*** Opening of Records supplied ***

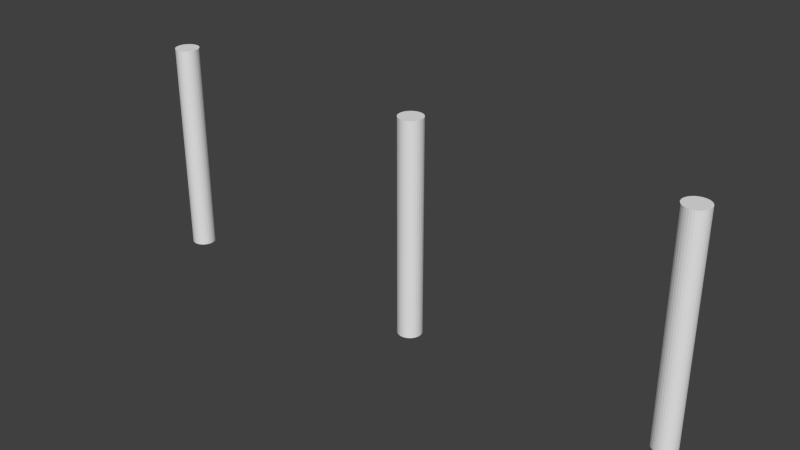 # Source: pylon.blend  (saved by Blender 2.74.0; exported with 4.5.12 LTS)
import bpy
from mathutils import Matrix  # noqa: F401  (used for matrix-valued properties, if any)

bpy.ops.wm.read_factory_settings(use_empty=True)
scene = bpy.context.scene
scene.name = 'Scene'

# ---- collections
col_collection_1 = bpy.data.collections.new('Collection 1'); scene.collection.children.link(col_collection_1)

# ---- world
world_world = bpy.data.worlds.new('World'); scene.world = world_world
world_world.color = (0.05088, 0.05088, 0.05088)
world_world.use_sun_shadow = False
world_world.sun_shadow_jitter_overblur = 0.0
world_world.cycles.sampling_method = 'MANUAL'
world_world.cycles.sample_map_resolution = 256

# ---- meshes
me_cylinder_007 = bpy.data.meshes.new('Cylinder.007')
me_cylinder_007.from_pydata([(0.0, 0.5, 0.0), (0.0, 0.5, 9.0), (0.09755, 0.4904, 0.0), (0.09755, 0.4904, 9.0), (0.1913, 0.4619, 0.0), (0.1913, 0.4619, 9.0), (0.2778, 0.4157, 0.0), (0.2778, 0.4157, 9.0), (0.3536, 0.3536, 0.0), (0.3536, 0.3536, 9.0), (0.4157, 0.2778, 0.0), (0.4157, 0.2778, 9.0), (0.4619, 0.1913, 0.0), (0.4619, 0.1913, 9.0), (0.4904, 0.09755, 0.0), (0.4904, 0.09755, 9.0), (0.5, 3.775e-08, 0.0), (0.5, 3.775e-08, 9.0), (0.4904, -0.09755, 0.0), (0.4904, -0.09755, 9.0), (0.4619, -0.1913, 0.0), (0.4619, -0.1913, 9.0), (0.4157, -0.2778, 0.0), (0.4157, -0.2778, 9.0), (0.3536, -0.3536, 0.0), (0.3536, -0.3536, 9.0), (0.2778, -0.4157, 0.0), (0.2778, -0.4157, 9.0), (0.1913, -0.4619, 0.0), (0.1913, -0.4619, 9.0), (0.09755, -0.4904, 0.0), (0.09755, -0.4904, 9.0), (-1.629e-07, -0.5, 0.0), (-1.629e-07, -0.5, 9.0), (-0.09755, -0.4904, 0.0), (-0.09755, -0.4904, 9.0), (-0.1913, -0.4619, 0.0), (-0.1913, -0.4619, 9.0), (-0.2778, -0.4157, 0.0), (-0.2778, -0.4157, 9.0), (-0.3536, -0.3536, 0.0), (-0.3536, -0.3536, 9.0), (-0.4157, -0.2778, 0.0), (-0.4157, -0.2778, 9.0), (-0.4619, -0.1913, 0.0), (-0.4619, -0.1913, 9.0), (-0.4904, -0.09754, 0.0), (-0.4904, -0.09754, 9.0), (-0.5, 4.828e-07, 0.0), (-0.5, 4.828e-07, 9.0), (-0.4904, 0.09755, 0.0), (-0.4904, 0.09755, 9.0), (-0.4619, 0.1913, 0.0), (-0.4619, 0.1913, 9.0), (-0.4157, 0.2778, 0.0), (-0.4157, 0.2778, 9.0), (-0.3536, 0.3536, 0.0), (-0.3536, 0.3536, 9.0), (-0.2778, 0.4157, 0.0), (-0.2778, 0.4157, 9.0), (-0.1913, 0.4619, 0.0), (-0.1913, 0.4619, 9.0), (-0.09754, 0.4904, 0.0), (-0.09754, 0.4904, 9.0)], [], [(0, 1, 3, 2), (2, 3, 5, 4), (4, 5, 7, 6), (6, 7, 9, 8), (8, 9, 11, 10), (10, 11, 13, 12), (12, 13, 15, 14), (14, 15, 17, 16), (16, 17, 19, 18), (18, 19, 21, 20), (20, 21, 23, 22), (22, 23, 25, 24), (24, 25, 27, 26), (26, 27, 29, 28), (28, 29, 31, 30), (30, 31, 33, 32), (32, 33, 35, 34), (34, 35, 37, 36), (36, 37, 39, 38), (38, 39, 41, 40), (40, 41, 43, 42), (42, 43, 45, 44), (44, 45, 47, 46), (46, 47, 49, 48), (48, 49, 51, 50), (50, 51, 53, 52), (52, 53, 55, 54), (54, 55, 57, 56), (56, 57, 59, 58), (58, 59, 61, 60), (3, 1, 63, 61, 59, 57, 55, 53, 51, 49, 47, 45, 43, 41, 39, 37, 35, 33, 31, 29, 27, 25, 23, 21, 19, 17, 15, 13, 11, 9, 7, 5), (62, 63, 1, 0), (60, 61, 63, 62), (0, 2, 4, 6, 8, 10, 12, 14, 16, 18, 20, 22, 24, 26, 28, 30, 32, 34, 36, 38, 40, 42, 44, 46, 48, 50, 52, 54, 56, 58, 60, 62)])
me_cylinder_007.use_remesh_preserve_volume = False
me_cylinder_007.use_remesh_preserve_attributes = False
me_cylinder_007.use_mirror_vertex_groups = False
me_cylinder_007.update()
me_cylinder_006 = bpy.data.meshes.new('Cylinder.006')
me_cylinder_006.from_pydata([(0.0, 0.5, 0.0), (0.0, 0.5, 9.0), (0.09755, 0.4904, 0.0), (0.09755, 0.4904, 9.0), (0.1913, 0.4619, 0.0), (0.1913, 0.4619, 9.0), (0.2778, 0.4157, 0.0), (0.2778, 0.4157, 9.0), (0.3536, 0.3536, 0.0), (0.3536, 0.3536, 9.0), (0.4157, 0.2778, 0.0), (0.4157, 0.2778, 9.0), (0.4619, 0.1913, 0.0), (0.4619, 0.1913, 9.0), (0.4904, 0.09755, 0.0), (0.4904, 0.09755, 9.0), (0.5, 3.775e-08, 0.0), (0.5, 3.775e-08, 9.0), (0.4904, -0.09755, 0.0), (0.4904, -0.09755, 9.0), (0.4619, -0.1913, 0.0), (0.4619, -0.1913, 9.0), (0.4157, -0.2778, 0.0), (0.4157, -0.2778, 9.0), (0.3536, -0.3536, 0.0), (0.3536, -0.3536, 9.0), (0.2778, -0.4157, 0.0), (0.2778, -0.4157, 9.0), (0.1913, -0.4619, 0.0), (0.1913, -0.4619, 9.0), (0.09755, -0.4904, 0.0), (0.09755, -0.4904, 9.0), (-1.629e-07, -0.5, 0.0), (-1.629e-07, -0.5, 9.0), (-0.09755, -0.4904, 0.0), (-0.09755, -0.4904, 9.0), (-0.1913, -0.4619, 0.0), (-0.1913, -0.4619, 9.0), (-0.2778, -0.4157, 0.0), (-0.2778, -0.4157, 9.0), (-0.3536, -0.3536, 0.0), (-0.3536, -0.3536, 9.0), (-0.4157, -0.2778, 0.0), (-0.4157, -0.2778, 9.0), (-0.4619, -0.1913, 0.0), (-0.4619, -0.1913, 9.0), (-0.4904, -0.09754, 0.0), (-0.4904, -0.09754, 9.0), (-0.5, 4.828e-07, 0.0), (-0.5, 4.828e-07, 9.0), (-0.4904, 0.09755, 0.0), (-0.4904, 0.09755, 9.0), (-0.4619, 0.1913, 0.0), (-0.4619, 0.1913, 9.0), (-0.4157, 0.2778, 0.0), (-0.4157, 0.2778, 9.0), (-0.3536, 0.3536, 0.0), (-0.3536, 0.3536, 9.0), (-0.2778, 0.4157, 0.0), (-0.2778, 0.4157, 9.0), (-0.1913, 0.4619, 0.0), (-0.1913, 0.4619, 9.0), (-0.09754, 0.4904, 0.0), (-0.09754, 0.4904, 9.0)], [], [(0, 1, 3, 2), (2, 3, 5, 4), (4, 5, 7, 6), (6, 7, 9, 8), (8, 9, 11, 10), (10, 11, 13, 12), (12, 13, 15, 14), (14, 15, 17, 16), (16, 17, 19, 18), (18, 19, 21, 20), (20, 21, 23, 22), (22, 23, 25, 24), (24, 25, 27, 26), (26, 27, 29, 28), (28, 29, 31, 30), (30, 31, 33, 32), (32, 33, 35, 34), (34, 35, 37, 36), (36, 37, 39, 38), (38, 39, 41, 40), (40, 41, 43, 42), (42, 43, 45, 44), (44, 45, 47, 46), (46, 47, 49, 48), (48, 49, 51, 50), (50, 51, 53, 52), (52, 53, 55, 54), (54, 55, 57, 56), (56, 57, 59, 58), (58, 59, 61, 60), (3, 1, 63, 61, 59, 57, 55, 53, 51, 49, 47, 45, 43, 41, 39, 37, 35, 33, 31, 29, 27, 25, 23, 21, 19, 17, 15, 13, 11, 9, 7, 5), (62, 63, 1, 0), (60, 61, 63, 62), (0, 2, 4, 6, 8, 10, 12, 14, 16, 18, 20, 22, 24, 26, 28, 30, 32, 34, 36, 38, 40, 42, 44, 46, 48, 50, 52, 54, 56, 58, 60, 62)])
me_cylinder_006.use_remesh_preserve_volume = False
me_cylinder_006.use_remesh_preserve_attributes = False
me_cylinder_006.use_mirror_vertex_groups = False
me_cylinder_006.update()
me_cylinder_005 = bpy.data.meshes.new('Cylinder.005')
me_cylinder_005.from_pydata([(0.0, 0.5, 0.0), (0.0, 0.5, 9.0), (0.09755, 0.4904, 0.0), (0.09755, 0.4904, 9.0), (0.1913, 0.4619, 0.0), (0.1913, 0.4619, 9.0), (0.2778, 0.4157, 0.0), (0.2778, 0.4157, 9.0), (0.3536, 0.3536, 0.0), (0.3536, 0.3536, 9.0), (0.4157, 0.2778, 0.0), (0.4157, 0.2778, 9.0), (0.4619, 0.1913, 0.0), (0.4619, 0.1913, 9.0), (0.4904, 0.09755, 0.0), (0.4904, 0.09755, 9.0), (0.5, 3.775e-08, 0.0), (0.5, 3.775e-08, 9.0), (0.4904, -0.09755, 0.0), (0.4904, -0.09755, 9.0), (0.4619, -0.1913, 0.0), (0.4619, -0.1913, 9.0), (0.4157, -0.2778, 0.0), (0.4157, -0.2778, 9.0), (0.3536, -0.3536, 0.0), (0.3536, -0.3536, 9.0), (0.2778, -0.4157, 0.0), (0.2778, -0.4157, 9.0), (0.1913, -0.4619, 0.0), (0.1913, -0.4619, 9.0), (0.09755, -0.4904, 0.0), (0.09755, -0.4904, 9.0), (-1.629e-07, -0.5, 0.0), (-1.629e-07, -0.5, 9.0), (-0.09755, -0.4904, 0.0), (-0.09755, -0.4904, 9.0), (-0.1913, -0.4619, 0.0), (-0.1913, -0.4619, 9.0), (-0.2778, -0.4157, 0.0), (-0.2778, -0.4157, 9.0), (-0.3536, -0.3536, 0.0), (-0.3536, -0.3536, 9.0), (-0.4157, -0.2778, 0.0), (-0.4157, -0.2778, 9.0), (-0.4619, -0.1913, 0.0), (-0.4619, -0.1913, 9.0), (-0.4904, -0.09754, 0.0), (-0.4904, -0.09754, 9.0), (-0.5, 4.828e-07, 0.0), (-0.5, 4.828e-07, 9.0), (-0.4904, 0.09755, 0.0), (-0.4904, 0.09755, 9.0), (-0.4619, 0.1913, 0.0), (-0.4619, 0.1913, 9.0), (-0.4157, 0.2778, 0.0), (-0.4157, 0.2778, 9.0), (-0.3536, 0.3536, 0.0), (-0.3536, 0.3536, 9.0), (-0.2778, 0.4157, 0.0), (-0.2778, 0.4157, 9.0), (-0.1913, 0.4619, 0.0), (-0.1913, 0.4619, 9.0), (-0.09754, 0.4904, 0.0), (-0.09754, 0.4904, 9.0)], [], [(0, 1, 3, 2), (2, 3, 5, 4), (4, 5, 7, 6), (6, 7, 9, 8), (8, 9, 11, 10), (10, 11, 13, 12), (12, 13, 15, 14), (14, 15, 17, 16), (16, 17, 19, 18), (18, 19, 21, 20), (20, 21, 23, 22), (22, 23, 25, 24), (24, 25, 27, 26), (26, 27, 29, 28), (28, 29, 31, 30), (30, 31, 33, 32), (32, 33, 35, 34), (34, 35, 37, 36), (36, 37, 39, 38), (38, 39, 41, 40), (40, 41, 43, 42), (42, 43, 45, 44), (44, 45, 47, 46), (46, 47, 49, 48), (48, 49, 51, 50), (50, 51, 53, 52), (52, 53, 55, 54), (54, 55, 57, 56), (56, 57, 59, 58), (58, 59, 61, 60), (3, 1, 63, 61, 59, 57, 55, 53, 51, 49, 47, 45, 43, 41, 39, 37, 35, 33, 31, 29, 27, 25, 23, 21, 19, 17, 15, 13, 11, 9, 7, 5), (62, 63, 1, 0), (60, 61, 63, 62), (0, 2, 4, 6, 8, 10, 12, 14, 16, 18, 20, 22, 24, 26, 28, 30, 32, 34, 36, 38, 40, 42, 44, 46, 48, 50, 52, 54, 56, 58, 60, 62)])
me_cylinder_005.use_remesh_preserve_volume = False
me_cylinder_005.use_remesh_preserve_attributes = False
me_cylinder_005.use_mirror_vertex_groups = False
me_cylinder_005.update()

# ---- objects
ob_cylinder_002 = bpy.data.objects.new('Cylinder.002', me_cylinder_007)
ob_cylinder_001 = bpy.data.objects.new('Cylinder.001', me_cylinder_006)
ob_cylinder = bpy.data.objects.new('Cylinder', me_cylinder_005)

# ---- transforms, parenting, visibility, modifiers, constraints
ob_cylinder_002.location = (23.0, 0.0, 0.0)
ob_cylinder_002.lineart.crease_threshold = 0.0
ob_cylinder_001.location = (12.0, 0.0, 0.0)
ob_cylinder_001.lineart.crease_threshold = 0.0
ob_cylinder.location = (0.0, 0.0, 0.0)
ob_cylinder.lineart.crease_threshold = 0.0

# ---- collection membership
col_collection_1.objects.link(ob_cylinder_002)
col_collection_1.objects.link(ob_cylinder_001)
col_collection_1.objects.link(ob_cylinder)

# ---- scene / render settings (as saved in the file)
scene.frame_start = 1; scene.frame_end = 250; scene.frame_set(1)
scene.render.engine = 'BLENDER_EEVEE_NEXT'
scene.render.resolution_percentage = 50
scene.render.dither_intensity = 0.0
scene.cycles.use_denoising = False
scene.cycles.samples = 10
scene.cycles.sampling_pattern = 'TABULATED_SOBOL'
scene.cycles.light_sampling_threshold = 0.0
scene.cycles.use_adaptive_sampling = False
scene.cycles.use_light_tree = False
scene.cycles.blur_glossy = 0.0
scene.cycles.pixel_filter_type = 'GAUSSIAN'
scene.cycles.sample_clamp_indirect = 0.0
scene.view_settings.view_transform = 'Standard'
bpy.context.view_layer.update()

# ---- added for rendering (the .blend has no active camera and no usable light): camera, sun
cam_auto = bpy.data.cameras.new('AutoCamera')
cam_auto.lens = 50.0
cam_auto.sensor_width = 36.0
cam_auto.clip_end = 1000.0
ob_auto_camera = bpy.data.objects.new('AutoCamera', cam_auto)
scene.collection.objects.link(ob_auto_camera)
ob_auto_camera.location = (35.2334, -28.4801, 23.4867)
ob_auto_camera.rotation_euler = (1.09748, -7.21219e-08, 0.694738)
scene.camera = ob_auto_camera
light_auto_sun = bpy.data.lights.new('AutoSun', 'SUN')
light_auto_sun.energy = 3.0
light_auto_sun.angle = 0.0523599
ob_auto_sun = bpy.data.objects.new('AutoSun', light_auto_sun)
scene.collection.objects.link(ob_auto_sun)
ob_auto_sun.rotation_euler = (0.872665, 0.174533, 0.523599)
bpy.context.view_layer.update()

*** Close of Records supplied ***

[Brief]
Working from the data above, extract solely the lines from the one containing "ob_cylinder.location = (0.0, 0.0, 0.0)" through the one containing "scene.render.engine = 'BLENDER_EEVEE_NEXT'", exactly as they appear, both included.

[Your solution]
ob_cylinder.location = (0.0, 0.0, 0.0)
ob_cylinder.lineart.crease_threshold = 0.0

# ---- collection membership
col_collection_1.objects.link(ob_cylinder_002)
col_collection_1.objects.link(ob_cylinder_001)
col_collection_1.objects.link(ob_cylinder)

# ---- scene / render settings (as saved in the file)
scene.frame_start = 1; scene.frame_end = 250; scene.frame_set(1)
scene.render.engine = 'BLENDER_EEVEE_NEXT'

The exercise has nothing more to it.